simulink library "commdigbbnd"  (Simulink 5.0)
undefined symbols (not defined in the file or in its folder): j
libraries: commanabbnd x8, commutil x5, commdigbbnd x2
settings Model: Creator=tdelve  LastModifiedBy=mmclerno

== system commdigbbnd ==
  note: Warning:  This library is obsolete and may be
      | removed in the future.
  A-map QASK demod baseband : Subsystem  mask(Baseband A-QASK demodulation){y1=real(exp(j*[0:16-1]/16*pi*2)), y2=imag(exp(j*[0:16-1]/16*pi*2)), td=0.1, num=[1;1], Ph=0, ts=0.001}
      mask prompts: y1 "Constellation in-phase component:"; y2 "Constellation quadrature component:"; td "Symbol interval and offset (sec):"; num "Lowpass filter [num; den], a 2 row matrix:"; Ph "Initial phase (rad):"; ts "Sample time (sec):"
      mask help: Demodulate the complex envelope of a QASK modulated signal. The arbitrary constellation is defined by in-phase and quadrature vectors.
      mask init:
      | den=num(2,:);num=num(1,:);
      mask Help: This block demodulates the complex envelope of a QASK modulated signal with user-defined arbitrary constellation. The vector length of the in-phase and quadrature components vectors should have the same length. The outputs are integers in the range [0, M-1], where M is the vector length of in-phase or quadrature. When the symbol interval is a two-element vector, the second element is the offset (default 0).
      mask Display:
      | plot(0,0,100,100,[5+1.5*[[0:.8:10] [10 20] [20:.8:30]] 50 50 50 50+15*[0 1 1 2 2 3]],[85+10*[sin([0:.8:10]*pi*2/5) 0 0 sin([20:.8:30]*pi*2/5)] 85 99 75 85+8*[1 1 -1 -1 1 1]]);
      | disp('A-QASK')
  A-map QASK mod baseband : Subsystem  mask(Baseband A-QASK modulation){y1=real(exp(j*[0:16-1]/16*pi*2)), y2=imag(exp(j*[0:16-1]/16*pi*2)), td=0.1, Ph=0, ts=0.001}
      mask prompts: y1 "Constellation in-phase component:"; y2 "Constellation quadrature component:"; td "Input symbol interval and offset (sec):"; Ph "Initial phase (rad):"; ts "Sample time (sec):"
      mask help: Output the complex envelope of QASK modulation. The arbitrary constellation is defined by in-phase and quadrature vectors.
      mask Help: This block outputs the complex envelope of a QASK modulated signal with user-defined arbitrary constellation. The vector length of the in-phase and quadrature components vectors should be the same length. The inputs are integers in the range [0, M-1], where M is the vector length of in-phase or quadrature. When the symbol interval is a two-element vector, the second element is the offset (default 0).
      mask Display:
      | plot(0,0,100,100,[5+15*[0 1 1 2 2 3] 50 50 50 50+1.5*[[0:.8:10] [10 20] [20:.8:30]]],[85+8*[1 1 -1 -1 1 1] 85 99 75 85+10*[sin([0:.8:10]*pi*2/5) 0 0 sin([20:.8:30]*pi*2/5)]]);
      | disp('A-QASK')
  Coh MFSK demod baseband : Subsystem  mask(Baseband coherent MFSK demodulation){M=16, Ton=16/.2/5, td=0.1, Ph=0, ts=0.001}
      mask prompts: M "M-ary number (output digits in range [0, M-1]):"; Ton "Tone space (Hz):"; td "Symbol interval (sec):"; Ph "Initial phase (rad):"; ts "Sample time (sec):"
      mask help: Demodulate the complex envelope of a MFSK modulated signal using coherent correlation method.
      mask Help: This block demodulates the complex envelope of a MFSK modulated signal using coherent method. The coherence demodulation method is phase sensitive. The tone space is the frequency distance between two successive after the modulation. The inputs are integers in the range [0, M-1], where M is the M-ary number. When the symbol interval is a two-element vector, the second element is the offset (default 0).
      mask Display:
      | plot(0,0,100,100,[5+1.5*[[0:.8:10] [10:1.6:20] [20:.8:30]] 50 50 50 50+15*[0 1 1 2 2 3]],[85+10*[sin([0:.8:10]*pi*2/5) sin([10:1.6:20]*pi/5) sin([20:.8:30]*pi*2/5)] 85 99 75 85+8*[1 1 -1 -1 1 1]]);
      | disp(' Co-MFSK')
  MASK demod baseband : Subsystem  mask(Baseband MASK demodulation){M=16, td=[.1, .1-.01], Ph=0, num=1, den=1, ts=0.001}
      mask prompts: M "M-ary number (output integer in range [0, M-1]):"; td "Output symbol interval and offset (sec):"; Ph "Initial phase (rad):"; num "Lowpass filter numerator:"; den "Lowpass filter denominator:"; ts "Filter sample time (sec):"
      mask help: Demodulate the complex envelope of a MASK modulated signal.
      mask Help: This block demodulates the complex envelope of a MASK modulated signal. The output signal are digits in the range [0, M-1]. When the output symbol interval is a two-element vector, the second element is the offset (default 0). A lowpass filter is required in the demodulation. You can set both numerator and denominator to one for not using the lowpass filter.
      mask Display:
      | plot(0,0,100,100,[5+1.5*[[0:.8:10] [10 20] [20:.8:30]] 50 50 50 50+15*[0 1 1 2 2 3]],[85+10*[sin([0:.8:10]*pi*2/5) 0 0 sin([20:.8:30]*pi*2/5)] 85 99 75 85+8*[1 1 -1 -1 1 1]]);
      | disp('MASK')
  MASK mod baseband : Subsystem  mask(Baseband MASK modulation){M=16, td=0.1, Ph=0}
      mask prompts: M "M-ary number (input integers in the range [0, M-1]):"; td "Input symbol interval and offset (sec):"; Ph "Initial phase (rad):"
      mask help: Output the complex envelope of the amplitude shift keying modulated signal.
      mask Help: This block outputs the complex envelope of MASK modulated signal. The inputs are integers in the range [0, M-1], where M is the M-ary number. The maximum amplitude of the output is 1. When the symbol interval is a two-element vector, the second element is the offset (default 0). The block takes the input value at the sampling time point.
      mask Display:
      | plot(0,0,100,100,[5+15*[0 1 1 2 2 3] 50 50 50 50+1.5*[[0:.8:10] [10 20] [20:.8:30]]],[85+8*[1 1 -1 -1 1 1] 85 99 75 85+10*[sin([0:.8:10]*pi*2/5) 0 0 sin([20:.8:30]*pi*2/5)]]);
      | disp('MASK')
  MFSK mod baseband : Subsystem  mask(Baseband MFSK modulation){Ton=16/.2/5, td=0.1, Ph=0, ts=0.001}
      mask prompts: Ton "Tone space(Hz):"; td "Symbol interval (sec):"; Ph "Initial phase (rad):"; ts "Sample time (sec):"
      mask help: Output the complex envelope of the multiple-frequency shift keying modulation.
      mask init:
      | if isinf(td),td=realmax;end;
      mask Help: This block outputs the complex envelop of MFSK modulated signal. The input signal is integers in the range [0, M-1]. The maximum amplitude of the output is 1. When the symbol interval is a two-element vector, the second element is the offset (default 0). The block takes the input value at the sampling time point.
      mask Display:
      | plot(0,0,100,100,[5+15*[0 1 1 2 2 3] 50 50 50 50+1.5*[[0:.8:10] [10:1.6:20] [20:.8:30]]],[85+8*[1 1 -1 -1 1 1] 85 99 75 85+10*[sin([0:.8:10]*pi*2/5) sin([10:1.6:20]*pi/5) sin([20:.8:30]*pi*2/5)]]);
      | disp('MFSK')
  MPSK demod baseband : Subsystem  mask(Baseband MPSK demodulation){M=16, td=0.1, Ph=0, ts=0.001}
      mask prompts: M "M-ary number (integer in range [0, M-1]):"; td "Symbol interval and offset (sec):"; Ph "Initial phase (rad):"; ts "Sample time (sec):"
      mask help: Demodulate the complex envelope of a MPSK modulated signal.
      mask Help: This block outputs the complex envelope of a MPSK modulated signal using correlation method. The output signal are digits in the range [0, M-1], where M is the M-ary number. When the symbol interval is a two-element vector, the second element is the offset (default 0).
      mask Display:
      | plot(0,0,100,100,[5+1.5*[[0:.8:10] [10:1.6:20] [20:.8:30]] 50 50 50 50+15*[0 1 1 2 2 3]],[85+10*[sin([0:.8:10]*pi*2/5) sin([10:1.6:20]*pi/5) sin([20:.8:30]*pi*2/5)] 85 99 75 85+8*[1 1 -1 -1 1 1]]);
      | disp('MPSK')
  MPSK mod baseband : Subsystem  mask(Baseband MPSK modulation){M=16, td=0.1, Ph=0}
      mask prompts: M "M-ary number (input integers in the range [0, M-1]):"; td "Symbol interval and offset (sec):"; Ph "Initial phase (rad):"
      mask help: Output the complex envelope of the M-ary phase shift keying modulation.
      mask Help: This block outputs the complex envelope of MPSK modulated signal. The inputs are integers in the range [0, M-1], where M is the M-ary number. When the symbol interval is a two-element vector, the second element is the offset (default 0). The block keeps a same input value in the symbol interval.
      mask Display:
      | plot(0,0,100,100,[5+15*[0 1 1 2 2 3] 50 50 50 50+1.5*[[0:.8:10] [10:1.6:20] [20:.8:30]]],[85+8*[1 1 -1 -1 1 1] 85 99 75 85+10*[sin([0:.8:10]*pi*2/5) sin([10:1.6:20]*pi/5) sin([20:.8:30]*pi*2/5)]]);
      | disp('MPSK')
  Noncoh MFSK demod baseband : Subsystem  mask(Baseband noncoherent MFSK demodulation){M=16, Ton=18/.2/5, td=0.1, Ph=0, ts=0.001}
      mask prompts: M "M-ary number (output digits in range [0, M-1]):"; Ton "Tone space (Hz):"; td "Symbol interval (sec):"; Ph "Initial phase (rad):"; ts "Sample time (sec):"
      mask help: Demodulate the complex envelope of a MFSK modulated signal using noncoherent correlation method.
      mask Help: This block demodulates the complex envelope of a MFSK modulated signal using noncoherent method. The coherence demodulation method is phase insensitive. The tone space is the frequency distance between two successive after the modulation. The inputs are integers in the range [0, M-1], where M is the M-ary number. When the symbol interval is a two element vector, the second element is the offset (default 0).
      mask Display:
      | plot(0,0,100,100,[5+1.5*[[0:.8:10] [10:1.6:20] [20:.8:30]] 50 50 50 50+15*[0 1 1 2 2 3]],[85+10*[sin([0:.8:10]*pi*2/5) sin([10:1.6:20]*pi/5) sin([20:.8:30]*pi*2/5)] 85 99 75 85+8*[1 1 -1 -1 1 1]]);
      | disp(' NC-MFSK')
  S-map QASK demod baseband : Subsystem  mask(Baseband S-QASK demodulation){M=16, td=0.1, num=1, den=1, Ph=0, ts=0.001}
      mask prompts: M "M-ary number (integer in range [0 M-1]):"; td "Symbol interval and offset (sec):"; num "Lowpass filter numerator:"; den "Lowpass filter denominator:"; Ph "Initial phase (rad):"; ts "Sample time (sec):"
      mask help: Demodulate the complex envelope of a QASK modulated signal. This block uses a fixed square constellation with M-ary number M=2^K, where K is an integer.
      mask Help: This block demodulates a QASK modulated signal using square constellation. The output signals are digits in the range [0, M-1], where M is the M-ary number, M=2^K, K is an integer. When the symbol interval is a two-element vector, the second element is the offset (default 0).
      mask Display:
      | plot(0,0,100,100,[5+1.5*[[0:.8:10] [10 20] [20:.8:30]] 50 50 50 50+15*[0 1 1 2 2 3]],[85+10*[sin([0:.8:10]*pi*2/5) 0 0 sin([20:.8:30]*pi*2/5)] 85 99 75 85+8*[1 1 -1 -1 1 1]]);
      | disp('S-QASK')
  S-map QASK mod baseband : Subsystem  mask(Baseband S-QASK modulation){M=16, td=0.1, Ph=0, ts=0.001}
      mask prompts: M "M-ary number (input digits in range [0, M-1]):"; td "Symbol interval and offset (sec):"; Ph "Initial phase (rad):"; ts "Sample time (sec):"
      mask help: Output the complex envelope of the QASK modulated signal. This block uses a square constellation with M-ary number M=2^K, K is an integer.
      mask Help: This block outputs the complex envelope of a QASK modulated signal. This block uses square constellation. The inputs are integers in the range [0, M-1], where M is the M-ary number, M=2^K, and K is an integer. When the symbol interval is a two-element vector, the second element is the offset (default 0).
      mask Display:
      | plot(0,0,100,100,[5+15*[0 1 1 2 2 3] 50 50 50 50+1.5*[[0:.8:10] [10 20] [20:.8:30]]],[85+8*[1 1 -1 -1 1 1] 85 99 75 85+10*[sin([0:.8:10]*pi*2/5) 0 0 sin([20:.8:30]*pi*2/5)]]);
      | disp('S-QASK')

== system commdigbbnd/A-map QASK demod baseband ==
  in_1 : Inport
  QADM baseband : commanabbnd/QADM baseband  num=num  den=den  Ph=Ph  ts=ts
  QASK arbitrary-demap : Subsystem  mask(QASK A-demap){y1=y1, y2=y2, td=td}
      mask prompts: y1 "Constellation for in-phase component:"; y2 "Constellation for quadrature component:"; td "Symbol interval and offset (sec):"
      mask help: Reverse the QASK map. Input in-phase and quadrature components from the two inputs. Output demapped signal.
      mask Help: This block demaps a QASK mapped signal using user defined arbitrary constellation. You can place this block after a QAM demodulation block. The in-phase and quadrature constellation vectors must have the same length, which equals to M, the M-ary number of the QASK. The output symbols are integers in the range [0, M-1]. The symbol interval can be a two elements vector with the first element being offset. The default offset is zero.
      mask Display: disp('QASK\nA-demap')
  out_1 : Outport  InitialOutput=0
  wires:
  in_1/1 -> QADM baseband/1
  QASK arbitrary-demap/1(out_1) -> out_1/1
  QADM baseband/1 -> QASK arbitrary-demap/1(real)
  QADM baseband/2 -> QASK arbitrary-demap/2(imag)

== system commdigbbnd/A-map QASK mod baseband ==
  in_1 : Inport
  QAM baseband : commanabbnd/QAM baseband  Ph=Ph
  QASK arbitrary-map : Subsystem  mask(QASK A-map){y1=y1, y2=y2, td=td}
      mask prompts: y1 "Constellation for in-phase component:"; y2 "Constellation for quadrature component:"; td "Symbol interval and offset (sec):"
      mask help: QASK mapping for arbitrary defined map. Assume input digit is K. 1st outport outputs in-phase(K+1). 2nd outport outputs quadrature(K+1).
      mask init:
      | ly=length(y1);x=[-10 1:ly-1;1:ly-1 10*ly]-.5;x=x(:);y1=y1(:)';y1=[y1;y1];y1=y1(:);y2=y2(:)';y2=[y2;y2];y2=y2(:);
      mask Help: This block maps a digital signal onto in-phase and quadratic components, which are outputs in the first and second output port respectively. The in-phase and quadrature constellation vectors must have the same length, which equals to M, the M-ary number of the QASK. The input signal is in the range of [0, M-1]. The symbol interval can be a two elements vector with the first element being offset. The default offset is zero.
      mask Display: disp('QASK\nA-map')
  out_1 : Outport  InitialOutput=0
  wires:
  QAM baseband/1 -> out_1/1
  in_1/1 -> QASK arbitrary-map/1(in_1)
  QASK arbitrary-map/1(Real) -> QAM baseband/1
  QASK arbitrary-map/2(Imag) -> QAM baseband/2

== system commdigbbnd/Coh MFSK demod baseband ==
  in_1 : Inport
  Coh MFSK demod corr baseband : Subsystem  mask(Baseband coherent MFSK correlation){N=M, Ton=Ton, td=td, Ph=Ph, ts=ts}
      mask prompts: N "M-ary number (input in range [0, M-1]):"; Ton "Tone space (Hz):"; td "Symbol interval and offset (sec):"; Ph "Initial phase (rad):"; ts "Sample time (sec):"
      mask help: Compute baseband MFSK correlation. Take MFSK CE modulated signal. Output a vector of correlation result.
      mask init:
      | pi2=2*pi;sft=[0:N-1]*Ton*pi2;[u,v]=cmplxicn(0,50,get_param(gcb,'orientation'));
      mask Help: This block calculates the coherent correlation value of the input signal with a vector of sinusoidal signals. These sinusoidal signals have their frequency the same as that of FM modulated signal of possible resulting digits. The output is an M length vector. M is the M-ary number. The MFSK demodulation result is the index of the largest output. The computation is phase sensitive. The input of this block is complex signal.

****************************************

(WHAT IS REQUIRED)
Filter the entries and copy out every line with the word "commdigbbnd".

(TASK OUTPUT)
simulink library "commdigbbnd"  (Simulink 5.0)
libraries: commanabbnd x8, commutil x5, commdigbbnd x2
== system commdigbbnd ==
== system commdigbbnd/A-map QASK demod baseband ==
== system commdigbbnd/A-map QASK mod baseband ==
== system commdigbbnd/Coh MFSK demod baseband ==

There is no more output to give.